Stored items
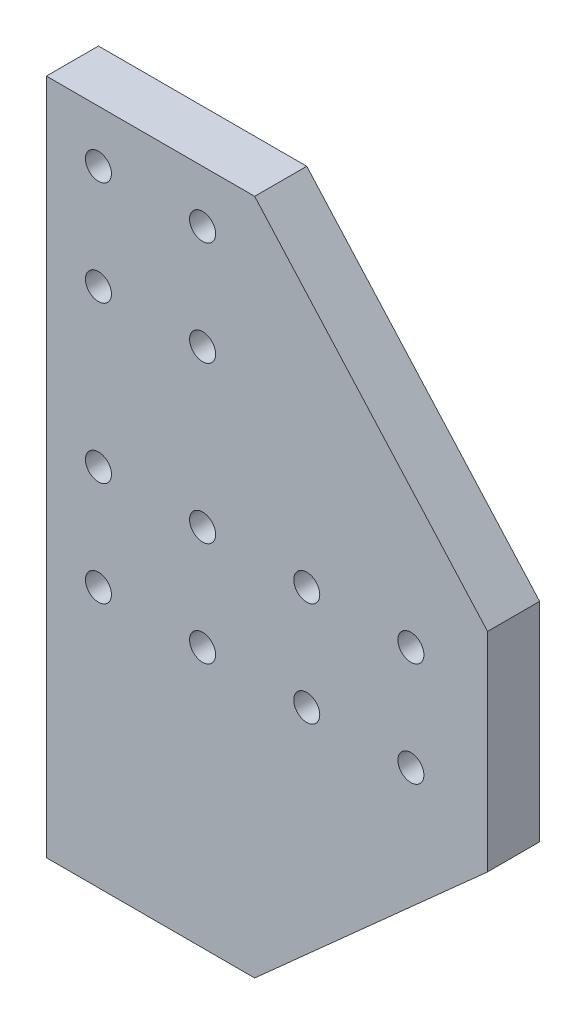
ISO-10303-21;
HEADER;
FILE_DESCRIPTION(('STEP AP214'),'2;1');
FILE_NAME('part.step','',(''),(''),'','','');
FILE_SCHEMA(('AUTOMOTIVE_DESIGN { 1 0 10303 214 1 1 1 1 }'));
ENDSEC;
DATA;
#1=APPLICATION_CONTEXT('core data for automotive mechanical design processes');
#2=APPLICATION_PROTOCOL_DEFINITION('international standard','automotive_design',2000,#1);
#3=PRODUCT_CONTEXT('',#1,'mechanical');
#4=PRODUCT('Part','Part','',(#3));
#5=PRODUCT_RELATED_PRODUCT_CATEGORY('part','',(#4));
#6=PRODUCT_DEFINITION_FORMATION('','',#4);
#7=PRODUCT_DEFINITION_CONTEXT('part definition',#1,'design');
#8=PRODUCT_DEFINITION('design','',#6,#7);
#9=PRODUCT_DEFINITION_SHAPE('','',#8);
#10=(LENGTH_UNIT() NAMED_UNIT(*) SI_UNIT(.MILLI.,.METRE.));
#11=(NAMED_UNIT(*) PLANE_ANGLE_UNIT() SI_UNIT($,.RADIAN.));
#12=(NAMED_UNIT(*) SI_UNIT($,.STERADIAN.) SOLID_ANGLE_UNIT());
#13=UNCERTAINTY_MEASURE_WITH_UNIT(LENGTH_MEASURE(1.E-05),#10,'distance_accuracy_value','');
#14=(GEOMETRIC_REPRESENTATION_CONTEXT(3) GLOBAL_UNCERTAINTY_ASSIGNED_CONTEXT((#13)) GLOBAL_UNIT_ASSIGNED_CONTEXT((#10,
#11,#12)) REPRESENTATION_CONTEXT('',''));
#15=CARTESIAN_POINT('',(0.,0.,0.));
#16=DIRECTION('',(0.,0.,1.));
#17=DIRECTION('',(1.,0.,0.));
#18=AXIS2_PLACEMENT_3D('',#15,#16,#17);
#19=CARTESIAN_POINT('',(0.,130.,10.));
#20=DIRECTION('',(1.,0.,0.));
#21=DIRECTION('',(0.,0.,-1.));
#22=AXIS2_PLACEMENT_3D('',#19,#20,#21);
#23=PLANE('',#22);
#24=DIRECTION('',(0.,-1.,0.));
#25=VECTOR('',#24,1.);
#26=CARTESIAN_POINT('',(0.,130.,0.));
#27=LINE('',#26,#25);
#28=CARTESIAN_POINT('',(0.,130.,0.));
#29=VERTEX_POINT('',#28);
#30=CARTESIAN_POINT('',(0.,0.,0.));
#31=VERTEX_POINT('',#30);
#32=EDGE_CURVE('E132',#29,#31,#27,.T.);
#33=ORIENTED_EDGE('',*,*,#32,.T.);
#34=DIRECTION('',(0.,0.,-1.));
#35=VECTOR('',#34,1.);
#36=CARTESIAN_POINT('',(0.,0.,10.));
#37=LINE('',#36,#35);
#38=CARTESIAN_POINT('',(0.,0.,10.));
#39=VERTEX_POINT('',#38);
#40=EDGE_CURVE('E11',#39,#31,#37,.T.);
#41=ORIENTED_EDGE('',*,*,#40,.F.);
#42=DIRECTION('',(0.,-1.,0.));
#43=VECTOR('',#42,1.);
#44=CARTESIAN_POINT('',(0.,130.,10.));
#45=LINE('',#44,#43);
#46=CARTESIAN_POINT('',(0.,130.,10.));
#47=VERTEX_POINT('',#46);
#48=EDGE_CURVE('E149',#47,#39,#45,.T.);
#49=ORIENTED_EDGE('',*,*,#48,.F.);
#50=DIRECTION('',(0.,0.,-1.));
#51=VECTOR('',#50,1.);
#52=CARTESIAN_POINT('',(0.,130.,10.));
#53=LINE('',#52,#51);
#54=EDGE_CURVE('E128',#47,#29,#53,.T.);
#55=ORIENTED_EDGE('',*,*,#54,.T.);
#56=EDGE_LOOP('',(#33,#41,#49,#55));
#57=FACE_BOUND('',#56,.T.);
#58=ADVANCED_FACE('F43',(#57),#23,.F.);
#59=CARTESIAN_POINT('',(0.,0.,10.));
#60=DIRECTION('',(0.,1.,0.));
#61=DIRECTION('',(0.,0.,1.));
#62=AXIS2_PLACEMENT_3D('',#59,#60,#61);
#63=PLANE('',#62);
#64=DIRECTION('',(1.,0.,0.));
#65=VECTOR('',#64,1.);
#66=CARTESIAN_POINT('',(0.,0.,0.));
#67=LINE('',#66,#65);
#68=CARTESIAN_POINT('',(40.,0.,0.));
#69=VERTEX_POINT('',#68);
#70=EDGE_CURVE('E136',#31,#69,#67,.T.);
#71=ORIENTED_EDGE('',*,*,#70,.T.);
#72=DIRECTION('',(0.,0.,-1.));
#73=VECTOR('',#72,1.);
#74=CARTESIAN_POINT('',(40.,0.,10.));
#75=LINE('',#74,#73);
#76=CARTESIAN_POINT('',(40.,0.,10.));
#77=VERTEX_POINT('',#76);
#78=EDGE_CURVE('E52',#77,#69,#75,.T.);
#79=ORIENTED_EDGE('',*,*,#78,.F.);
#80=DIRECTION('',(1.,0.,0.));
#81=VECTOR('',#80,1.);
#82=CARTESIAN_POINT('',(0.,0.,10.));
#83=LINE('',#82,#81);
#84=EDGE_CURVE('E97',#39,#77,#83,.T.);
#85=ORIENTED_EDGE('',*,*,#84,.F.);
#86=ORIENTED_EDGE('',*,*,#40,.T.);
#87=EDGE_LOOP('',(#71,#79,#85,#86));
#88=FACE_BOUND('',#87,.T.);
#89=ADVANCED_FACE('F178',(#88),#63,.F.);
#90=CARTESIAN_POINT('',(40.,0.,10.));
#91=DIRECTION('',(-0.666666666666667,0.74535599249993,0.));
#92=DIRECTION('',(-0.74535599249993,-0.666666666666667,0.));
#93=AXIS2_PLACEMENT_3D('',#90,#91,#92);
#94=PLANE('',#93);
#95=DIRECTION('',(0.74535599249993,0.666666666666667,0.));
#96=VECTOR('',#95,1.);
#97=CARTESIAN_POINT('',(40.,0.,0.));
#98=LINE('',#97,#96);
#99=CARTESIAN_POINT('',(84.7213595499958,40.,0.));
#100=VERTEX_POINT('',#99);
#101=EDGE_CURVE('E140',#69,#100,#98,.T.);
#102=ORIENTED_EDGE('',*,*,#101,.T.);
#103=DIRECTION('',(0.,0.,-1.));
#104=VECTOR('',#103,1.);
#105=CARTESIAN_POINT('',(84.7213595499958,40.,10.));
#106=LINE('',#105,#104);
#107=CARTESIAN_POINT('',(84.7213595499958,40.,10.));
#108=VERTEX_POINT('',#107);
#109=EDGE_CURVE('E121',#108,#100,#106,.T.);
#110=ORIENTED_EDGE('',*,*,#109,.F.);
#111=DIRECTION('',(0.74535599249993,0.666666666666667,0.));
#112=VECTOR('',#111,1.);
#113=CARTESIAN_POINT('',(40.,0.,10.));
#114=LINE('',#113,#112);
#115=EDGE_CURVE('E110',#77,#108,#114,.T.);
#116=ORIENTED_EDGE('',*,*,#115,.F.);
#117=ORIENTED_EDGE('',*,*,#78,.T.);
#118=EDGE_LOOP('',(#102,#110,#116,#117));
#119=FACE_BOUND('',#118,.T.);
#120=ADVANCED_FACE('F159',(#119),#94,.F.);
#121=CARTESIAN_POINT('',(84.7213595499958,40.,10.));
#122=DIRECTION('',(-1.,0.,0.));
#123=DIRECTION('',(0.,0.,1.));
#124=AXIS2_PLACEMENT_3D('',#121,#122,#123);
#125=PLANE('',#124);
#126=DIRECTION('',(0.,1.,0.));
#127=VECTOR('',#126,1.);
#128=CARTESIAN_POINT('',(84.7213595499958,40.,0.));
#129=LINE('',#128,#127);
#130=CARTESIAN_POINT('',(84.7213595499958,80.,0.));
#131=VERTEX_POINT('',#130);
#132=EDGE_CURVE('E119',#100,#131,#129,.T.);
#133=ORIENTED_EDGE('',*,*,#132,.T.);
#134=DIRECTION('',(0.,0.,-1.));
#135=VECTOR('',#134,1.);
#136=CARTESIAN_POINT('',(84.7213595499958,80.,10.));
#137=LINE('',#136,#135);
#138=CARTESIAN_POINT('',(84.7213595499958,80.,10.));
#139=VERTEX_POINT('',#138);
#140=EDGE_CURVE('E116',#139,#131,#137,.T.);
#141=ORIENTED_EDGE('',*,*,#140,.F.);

■ **EXERCISE PROMPT**
With the line that has "#4=PRODUCT('Part','Part','',(#3));" as the first and the line that has "#37=LINE('',#36,#35);" as the last, repeat exactly that run of lines above and no more.

■ **SOLVED PROBLEM**
#4=PRODUCT('Part','Part','',(#3));
#5=PRODUCT_RELATED_PRODUCT_CATEGORY('part','',(#4));
#6=PRODUCT_DEFINITION_FORMATION('','',#4);
#7=PRODUCT_DEFINITION_CONTEXT('part definition',#1,'design');
#8=PRODUCT_DEFINITION('design','',#6,#7);
#9=PRODUCT_DEFINITION_SHAPE('','',#8);
#10=(LENGTH_UNIT() NAMED_UNIT(*) SI_UNIT(.MILLI.,.METRE.));
#11=(NAMED_UNIT(*) PLANE_ANGLE_UNIT() SI_UNIT($,.RADIAN.));
#12=(NAMED_UNIT(*) SI_UNIT($,.STERADIAN.) SOLID_ANGLE_UNIT());
#13=UNCERTAINTY_MEASURE_WITH_UNIT(LENGTH_MEASURE(1.E-05),#10,'distance_accuracy_value','');
#14=(GEOMETRIC_REPRESENTATION_CONTEXT(3) GLOBAL_UNCERTAINTY_ASSIGNED_CONTEXT((#13)) GLOBAL_UNIT_ASSIGNED_CONTEXT((#10,
#11,#12)) REPRESENTATION_CONTEXT('',''));
#15=CARTESIAN_POINT('',(0.,0.,0.));
#16=DIRECTION('',(0.,0.,1.));
#17=DIRECTION('',(1.,0.,0.));
#18=AXIS2_PLACEMENT_3D('',#15,#16,#17);
#19=CARTESIAN_POINT('',(0.,130.,10.));
#20=DIRECTION('',(1.,0.,0.));
#21=DIRECTION('',(0.,0.,-1.));
#22=AXIS2_PLACEMENT_3D('',#19,#20,#21);
#23=PLANE('',#22);
#24=DIRECTION('',(0.,-1.,0.));
#25=VECTOR('',#24,1.);
#26=CARTESIAN_POINT('',(0.,130.,0.));
#27=LINE('',#26,#25);
#28=CARTESIAN_POINT('',(0.,130.,0.));
#29=VERTEX_POINT('',#28);
#30=CARTESIAN_POINT('',(0.,0.,0.));
#31=VERTEX_POINT('',#30);
#32=EDGE_CURVE('E132',#29,#31,#27,.T.);
#33=ORIENTED_EDGE('',*,*,#32,.T.);
#34=DIRECTION('',(0.,0.,-1.));
#35=VECTOR('',#34,1.);
#36=CARTESIAN_POINT('',(0.,0.,10.));
#37=LINE('',#36,#35);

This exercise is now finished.